Directions for this task |
The lines from the one holding "objButtonHandler -> String" to the end of the records below, exactly as written, are the only thing to return.

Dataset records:
......

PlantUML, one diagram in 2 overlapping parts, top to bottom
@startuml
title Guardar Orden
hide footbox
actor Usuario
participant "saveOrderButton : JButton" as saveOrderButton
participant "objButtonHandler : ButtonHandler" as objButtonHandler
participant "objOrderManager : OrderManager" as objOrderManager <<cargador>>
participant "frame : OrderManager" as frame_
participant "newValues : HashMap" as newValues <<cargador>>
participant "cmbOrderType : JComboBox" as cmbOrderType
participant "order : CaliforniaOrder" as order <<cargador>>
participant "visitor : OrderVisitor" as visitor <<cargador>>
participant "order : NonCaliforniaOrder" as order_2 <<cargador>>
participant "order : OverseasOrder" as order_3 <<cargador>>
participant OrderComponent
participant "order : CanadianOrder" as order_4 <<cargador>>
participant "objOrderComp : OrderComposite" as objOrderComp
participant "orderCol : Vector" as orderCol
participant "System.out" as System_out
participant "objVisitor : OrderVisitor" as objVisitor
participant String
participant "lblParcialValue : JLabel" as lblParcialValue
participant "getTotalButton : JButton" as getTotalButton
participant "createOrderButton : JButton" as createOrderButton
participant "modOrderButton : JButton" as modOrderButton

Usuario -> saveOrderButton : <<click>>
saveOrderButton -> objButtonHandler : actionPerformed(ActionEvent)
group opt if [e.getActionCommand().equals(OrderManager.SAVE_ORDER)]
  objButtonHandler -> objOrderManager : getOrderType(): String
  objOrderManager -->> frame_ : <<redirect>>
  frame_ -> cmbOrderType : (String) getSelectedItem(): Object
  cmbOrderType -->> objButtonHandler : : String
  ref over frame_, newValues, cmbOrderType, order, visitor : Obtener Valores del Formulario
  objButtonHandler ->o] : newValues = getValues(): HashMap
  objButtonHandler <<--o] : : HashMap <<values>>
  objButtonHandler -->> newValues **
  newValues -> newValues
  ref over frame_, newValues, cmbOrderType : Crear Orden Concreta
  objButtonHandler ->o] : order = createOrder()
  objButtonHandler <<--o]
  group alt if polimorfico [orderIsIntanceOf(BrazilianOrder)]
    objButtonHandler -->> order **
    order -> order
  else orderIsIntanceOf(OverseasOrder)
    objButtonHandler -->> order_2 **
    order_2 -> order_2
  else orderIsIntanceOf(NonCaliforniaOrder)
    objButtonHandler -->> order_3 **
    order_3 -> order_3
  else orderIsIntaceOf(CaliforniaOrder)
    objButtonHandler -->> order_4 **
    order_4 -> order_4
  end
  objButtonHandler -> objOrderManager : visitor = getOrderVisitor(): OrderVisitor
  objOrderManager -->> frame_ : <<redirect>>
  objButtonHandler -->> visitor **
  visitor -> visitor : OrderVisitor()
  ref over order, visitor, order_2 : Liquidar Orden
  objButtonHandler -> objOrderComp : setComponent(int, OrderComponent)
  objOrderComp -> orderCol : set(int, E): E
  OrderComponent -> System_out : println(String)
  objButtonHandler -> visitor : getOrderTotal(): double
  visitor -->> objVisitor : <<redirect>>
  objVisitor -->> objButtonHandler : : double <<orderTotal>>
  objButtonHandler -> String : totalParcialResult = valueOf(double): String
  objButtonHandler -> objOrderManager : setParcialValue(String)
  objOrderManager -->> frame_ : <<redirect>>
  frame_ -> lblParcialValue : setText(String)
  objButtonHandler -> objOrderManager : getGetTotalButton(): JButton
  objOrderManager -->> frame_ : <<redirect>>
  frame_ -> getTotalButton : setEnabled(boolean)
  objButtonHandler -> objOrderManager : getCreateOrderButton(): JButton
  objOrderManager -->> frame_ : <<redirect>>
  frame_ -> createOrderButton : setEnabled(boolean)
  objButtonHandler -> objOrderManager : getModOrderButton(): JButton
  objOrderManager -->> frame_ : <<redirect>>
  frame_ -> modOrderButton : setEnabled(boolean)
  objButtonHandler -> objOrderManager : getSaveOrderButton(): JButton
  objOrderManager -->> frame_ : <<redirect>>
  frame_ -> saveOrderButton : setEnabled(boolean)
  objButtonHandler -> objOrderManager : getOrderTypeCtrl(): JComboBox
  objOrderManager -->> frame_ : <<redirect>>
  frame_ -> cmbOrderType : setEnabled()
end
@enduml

......

Expected output |
  objButtonHandler -> String : totalParcialResult = valueOf(double): String
  objButtonHandler -> objOrderManager : setParcialValue(String)
  objOrderManager -->> frame_ : <<redirect>>
  frame_ -> lblParcialValue : setText(String)
  objButtonHandler -> objOrderManager : getGetTotalButton(): JButton
  objOrderManager -->> frame_ : <<redirect>>
  frame_ -> getTotalButton : setEnabled(boolean)
  objButtonHandler -> objOrderManager : getCreateOrderButton(): JButton
  objOrderManager -->> frame_ : <<redirect>>
  frame_ -> createOrderButton : setEnabled(boolean)
  objButtonHandler -> objOrderManager : getModOrderButton(): JButton
  objOrderManager -->> frame_ : <<redirect>>
  frame_ -> modOrderButton : setEnabled(boolean)
  objButtonHandler -> objOrderManager : getSaveOrderButton(): JButton
  objOrderManager -->> frame_ : <<redirect>>
  frame_ -> saveOrderButton : setEnabled(boolean)
  objButtonHandler -> objOrderManager : getOrderTypeCtrl(): JComboBox
  objOrderManager -->> frame_ : <<redirect>>
  frame_ -> cmbOrderType : setEnabled()
end
@enduml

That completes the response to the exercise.